# Miami, FL, 7 month old Female black GSD



## Renoman (Apr 10, 2009)

http://www.miamidade.gov/animals

Fox is a female black GSD that has been at the shelter since 5/13/09.

The shelter thinks she's about 7 months old.

She's adorable and looks scared. 


MODS: Not sure if this belongs in Urgent. Please move if it does not. Thank you.


----------



## Renoman (Apr 10, 2009)

I keep going back to look at this baby girl... I WANT!!!


----------



## brt (Sep 16, 2008)

Miami-Dade is a kill shelter and there is no local GSD rescue in the Miami area so all dogs there are urgent.


----------



## Renoman (Apr 10, 2009)

Then I guess there's about 8 more GSDs there that need to be posted.









Anyone want to help post them?


Fox is just a baby... can someone help her????


----------



## ncgsdmom (Jun 24, 2008)

Here is Ms. Fox:
Picture is a bit blurry, but better than most Miami pics!


----------



## Cassidy's Mom (Mar 30, 2003)

Maybe you can put a link to the dogs in question. Your link just goes to the main page, and when you click on the animal search it shows over 200 dogs.


----------



## Renoman (Apr 10, 2009)

If you click on the date brought to shelter they're put in chronological order.


----------



## Renoman (Apr 10, 2009)

> Originally Posted By: VSnapHere is Ms. Fox:
> Picture is a bit blurry, but better than most Miami pics!


Look at this baby!!! How could someone just throw her away????


----------



## Kay13411 (Jul 24, 2003)

Does anyone else think she looks younger the 7 months, she so pretty.

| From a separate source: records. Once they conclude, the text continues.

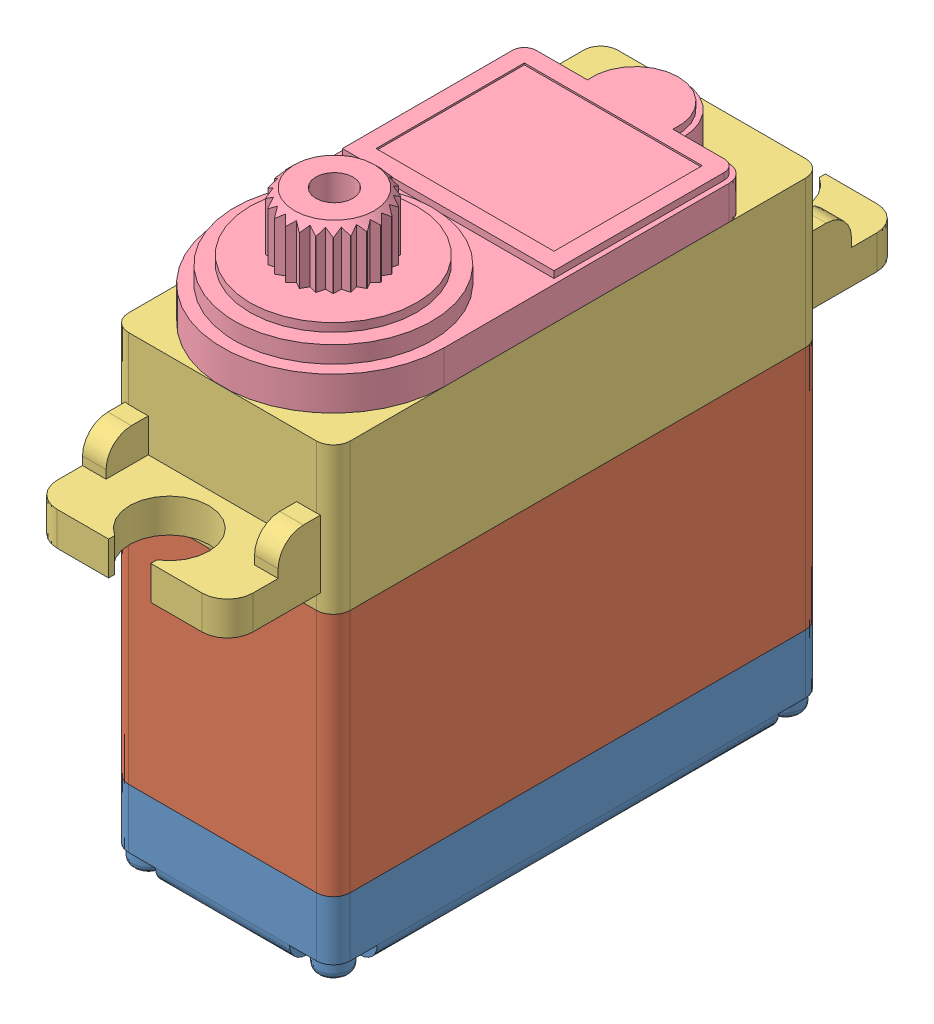
SolidWorks assembly HS85MG, configuration Default. Lengths in mm.
Overall size (13.15 34.62 40).
4 component instances, 4 part files, 6 mates.
Components (placement in the parent):
- HS85MG_bottom-1: HS85MG_bottom [Default] at (-14.7907 -7.6082 11.4451) size (13.15 4.52 29)
- HS85MG_midle-1: HS85MG_midle [Default] at (-14.7907 -3.1082 11.4451) size (13.15 14.5 29)
- HS85MG_upper-1: HS85MG_upper [Default] at (-14.7907 11.3918 11.4451) size (13.15 8.7 40)
- HS85MG_top-1: HS85MG_top [Default] at (-14.7907 20.0918 11.4701) size (13.15 6.9 27.33)
Mates (geometry in assembly coordinates):
- Coincident1: coincident aligned: line of HS85MG_bottom-1 through (-20.3657 -3.1082 25.9451) axis (1 0 0); line of HS85MG_midle-1 through (-20.3657 -3.1082 25.9451) axis (1 0 0)
- Coincident2: coincident aligned: line of HS85MG_bottom-1 through (-8.2157 -3.1082 24.9451) axis (0 0 -1); line of HS85MG_midle-1 through (-8.2157 -3.1082 24.9451) axis (0 0 -1)
- Coincident3: coincident aligned: line of HS85MG_midle-1 through (-20.3657 11.3918 25.9451) axis (1 0 0); line of HS85MG_upper-1 through (-20.3657 11.3918 25.9451) axis (1 0 0)
- Coincident4: coincident aligned: line of HS85MG_midle-1 through (-8.2157 11.3918 24.9451) axis (0 0 -1); line of HS85MG_upper-1 through (-8.2157 11.3918 24.9451) axis (0 0 -1)
- Coincident5: coincident aligned: line of HS85MG_upper-1 through (-8.2157 20.0918 24.9451) axis (0 0 -1); line of HS85MG_top-1 through (-8.2157 20.0918 19.3701) axis (0 0 -1)
- Coincident6: coincident: moEndPointRef_w of HS85MG_upper-1; moEndPointRef_w of HS85MG_top-1
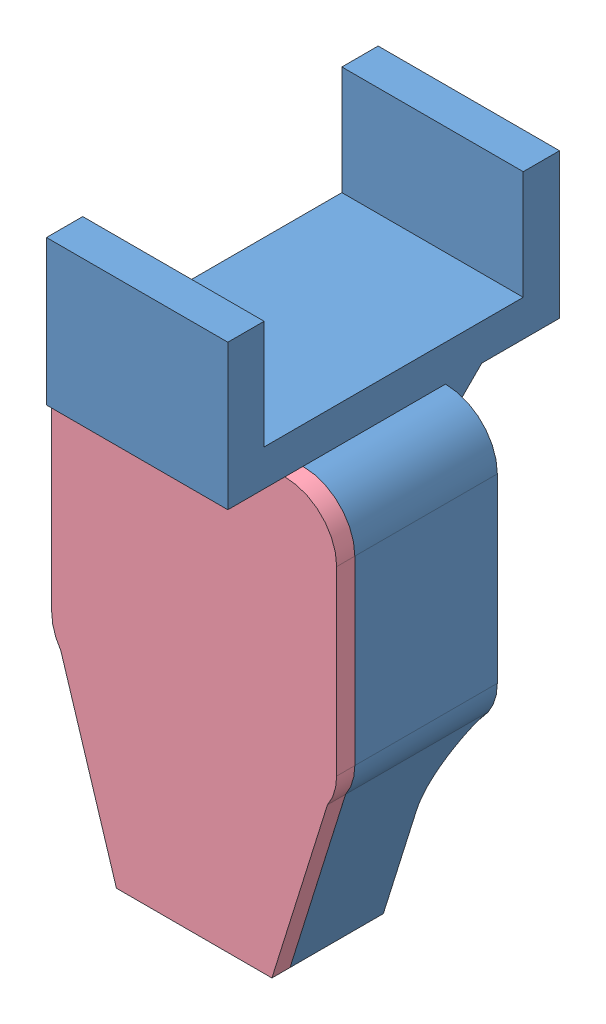
SolidWorks assembly Ensamblaje1, configuration Predeterminado. Lengths in mm.
Overall size (55 113.37 64).
6 component instances, 6 part files, 13 mates.
Components (placement in the parent):
- caja-1: caja [Predeterminado] at (-6.1876 -2.6888 103) size (55 113 64)
- Pieza1-1: Pieza1 [Predeterminado] at (-6.1876 -2.6888 107) x (-0.925052 0.37984 0) z (0 0 -1) size (40 40 23.5)
- piston-1: piston [Predeterminado] at (-6.1876 -25.6865 115.5) size (30 17.38 15)
- tapa-1: tapa [Predeterminado] at (-4.2799 0.5196 130.5) size (55 85 3.5)
- viela-1: viela [Predeterminado] at (-0.3904 -11.8521 115.5) x (-0.38648 -0.922298 0) z (0 0 1) size (45 15 12.5)
- xxx-2: xxx [Predeterminado] at (-6.1876 -38.0616 123) x (1 0 0) z (0 -1 0) size (30 15 22.5)
Mates (geometry in assembly coordinates):
- Coincidente1: coincident anti-aligned: plane of caja-1 through (-23.6876 -20.1888 107) normal (0 0 1); plane of Pieza1-1 through (-6.1876 -2.6888 107) normal (0 0 -1)
- Concéntrica1: concentric aligned: cylinder of caja-1 through (-6.1876 -2.6888 107) axis (0 0 -1) radius 2.5; cylinder of Pieza1-1 through (-6.1876 -2.6888 115.5) axis (0 0 -1) radius 2.45
- Coincidente2: coincident anti-aligned: plane of caja-1 through (11.3124 -20.1888 115.5) normal (0 0 1); plane of piston-1 through (-6.1876 -25.6865 115.5) normal (0 0 -1)
- Coincidente3: coincident anti-aligned: plane of caja-1 through (-21.1876 -2.6888 130.5) normal (1 0 0); plane of piston-1 through (-21.1876 -20.6865 117.5) normal (-1 0 0)
- Concéntrica2: concentric aligned: cylinder of Pieza1-1 through (5.4068 1.9824 130.5) axis (0 0 -1) radius 4.25; cylinder of viela-1 through (5.4068 1.9824 128) axis (0 0 -1) radius 4.25
- Concéntrica3: concentric aligned: cylinder of piston-1 through (-6.1876 -25.6865 130.5) axis (0 0 -1) radius 4.25; cylinder of viela-1 through (-6.1876 -25.6865 128) axis (0 0 -1) radius 4.25
- Coincidente6: coincident anti-aligned: plane of caja-1 through (8.8124 -2.6888 130.5) normal (-1 0 0); plane of xxx-2 through (8.8124 -40.5616 130.5) normal (1 0 0)
- Coincidente7: coincident anti-aligned: plane of caja-1 through (11.3124 -20.1888 115.5) normal (0 0 1); plane of xxx-2 through (-21.1876 -40.5616 115.5) normal (0 0 -1)
- Coincidente8: coincident anti-aligned: plane of piston-1 through (-21.1876 -38.0616 117.5) normal (0 -1 0); plane of xxx-2 through (-6.1876 -38.0616 123) normal (0 1 0)
- Coincidente10: coincident anti-aligned: plane of caja-1 through (11.3124 -20.1888 115.5) normal (0 0 1); plane of viela-1 through (12.0251 -9.0554 115.5) normal (0 0 -1)
- Coincidente11: coincident anti-aligned: plane of caja-1 through (-6.1876 -2.6888 130.5) normal (0 0 1); plane of tapa-1 through (11.3124 14.8112 130.5) normal (0 0 -1)
- Coincidente12: coincident aligned: plane of caja-1 through (21.3124 14.8112 107) normal (1 0 0); plane of tapa-1 through (21.3124 14.8112 134) normal (1 0 0)
- Coincidente13: coincident anti-aligned: plane of caja-1 through (-6.1876 24.8112 103) normal (0 -1 0); plane of tapa-1 through (-23.6876 24.8112 134) normal (0 1 0)
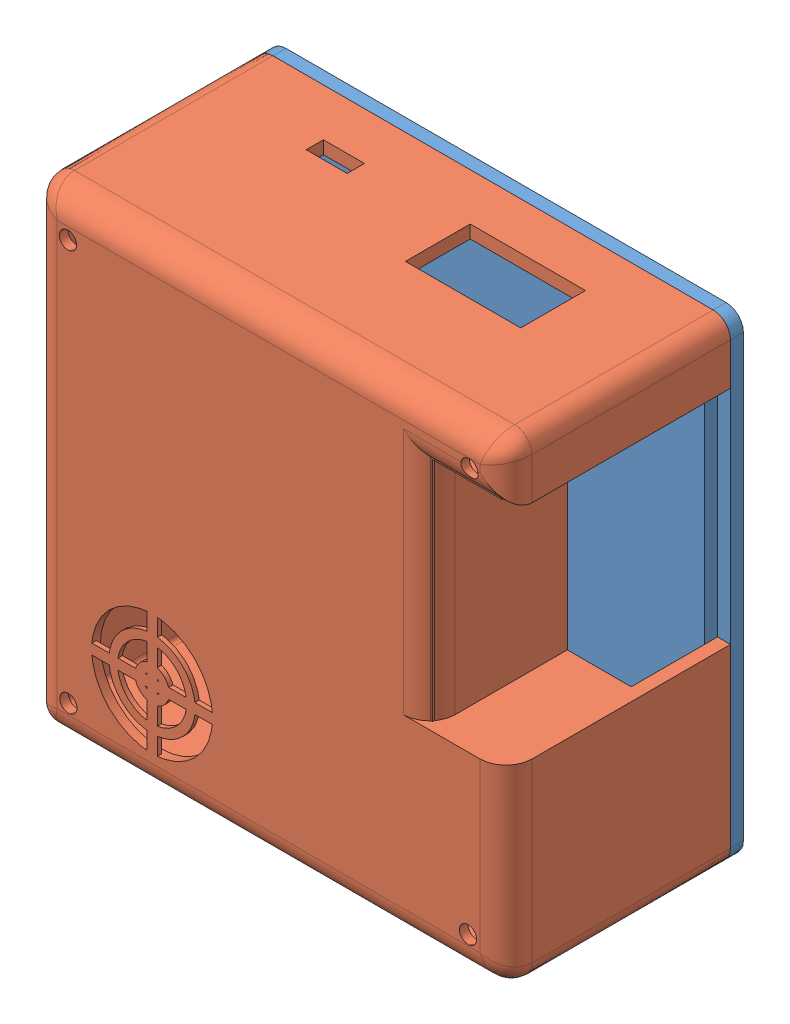
SolidWorks assembly Emsamble de base y tapa2b, configuration Predeterminado. Lengths in mm.
Overall size (110 110 55.01).
2 component instances, 2 part files, 3 mates.
Components (placement in the parent):
- 01_Base 124x107.7x6mm-1: 01_Base 124x107.7x6mm [Predeterminado] at (-5.9586 0.3192 124.1) size (110 110 11)
- 02b_tapa-1: 02b_tapa [Predeterminado] at (-5.9586 0.3192 127.1) size (110 110 52.01)
Mates (geometry in assembly coordinates):
- Coincidente1: coincident: plane of 01_Base 124x107.7x6mm-1 through (-57.9586 -51.6808 130.1) normal (0 -1 0); plane of 02b_tapa-1 through (-57.9586 -51.6808 177.9961) normal (0 1 0)
- Coincidente2: coincident: plane of 01_Base 124x107.7x6mm-1 through (46.0414 52.3192 130.1) normal (1 0 0); plane of 02b_tapa-1 through (46.0414 52.3192 177.9961) normal (-1 0 0)
- Coincidente3: coincident: plane of 01_Base 124x107.7x6mm-1 through (-56.9586 51.3192 127.1) normal (0 0 1); plane of 02b_tapa-1 through (-5.9586 0.3192 127.9961) normal (0 0 -1)

I wish she was closer, or I was closer to her.


----------



## staxi2 (Oct 18, 2007)

this will bring up the adoptable dogs
http://www.petharbor.com/results.asp?WHE...t='MIAD'&atype=
hope it helps


----------



## staxi2 (Oct 18, 2007)

FOX - ID#A1157058
For more information about this animal, call:
Miami-Dade Animal Services at (305) 884-1101
Ask for information about animal ID number A1157058
Address: 7401 NW 74 Street Miami, Florida 33166
Facility Hours
Monday - Friday 8:00 a.m. - 7:00 p.m.
Saturday/Sunday 8:00 a.m. - 5:00 p.m.
Closed all major holidays

Adoption & Lost and Found Hours
Monday - Friday 10:00 a.m. - 6:30 p.m.
Saturday/Sunday 10:00 a.m. - 4:00 p.m.


----------



## tnbsmommy (Mar 23, 2009)

OMG Do they SERIOUSLY have SO MANY GSD's in that shelter??? 14??? Everyone of them shows may something as an intake date.. how SAD is that! Some of them look SO scared and sad!


----------



## Renoman (Apr 10, 2009)

Yes, they do.









I posted just the PB dogs. They have quite a few mixes as well.


----------



## HeidiW (Apr 9, 2009)

so so sad, please help rescue.


----------



## Renoman (Apr 10, 2009)

bump


----------



## Renoman (Apr 10, 2009)

bump


----------



## Renoman (Apr 10, 2009)

bumping this baby back to the top.

She's so sweet looking. Looks sad and confused too.


----------



## Renoman (Apr 10, 2009)

Are there any rescues nearby?


----------



## Renoman (Apr 10, 2009)

Is there anyone nearby that could do a visit with this baby or any of the other GSDs here?

Anyone?


----------



## Renoman (Apr 10, 2009)

> Originally Posted By: RenomanIs there anyone nearby that could do a visit with this baby or any of the other GSDs here?
> 
> Anyone?


_*Anyone*_???


----------



## Renoman (Apr 10, 2009)

> Originally Posted By: Renoman
> 
> 
> > Originally Posted By: RenomanIs there anyone nearby that could do a visit with this baby or any of the other GSDs here?
> ...


bump


----------



## Renoman (Apr 10, 2009)

bump


----------



## Renoman (Apr 10, 2009)

bump


----------



## Renoman (Apr 10, 2009)

bump


----------



## Renoman (Apr 10, 2009)

bump for this sweetheart


----------



## Renoman (Apr 10, 2009)

There is no local rescue to help the dogs in this shelter.

Is there someone who cares?


----------



## Kay13411 (Jul 24, 2003)

I care, I just live so far away..... I wish there was some way to get her to me, I would take her in a heartbeat.


----------



## Renoman (Apr 10, 2009)

transport?


----------



## Renoman (Apr 10, 2009)

I just talked to the shelter. There is a rescue hold on this baby girl!!!


----------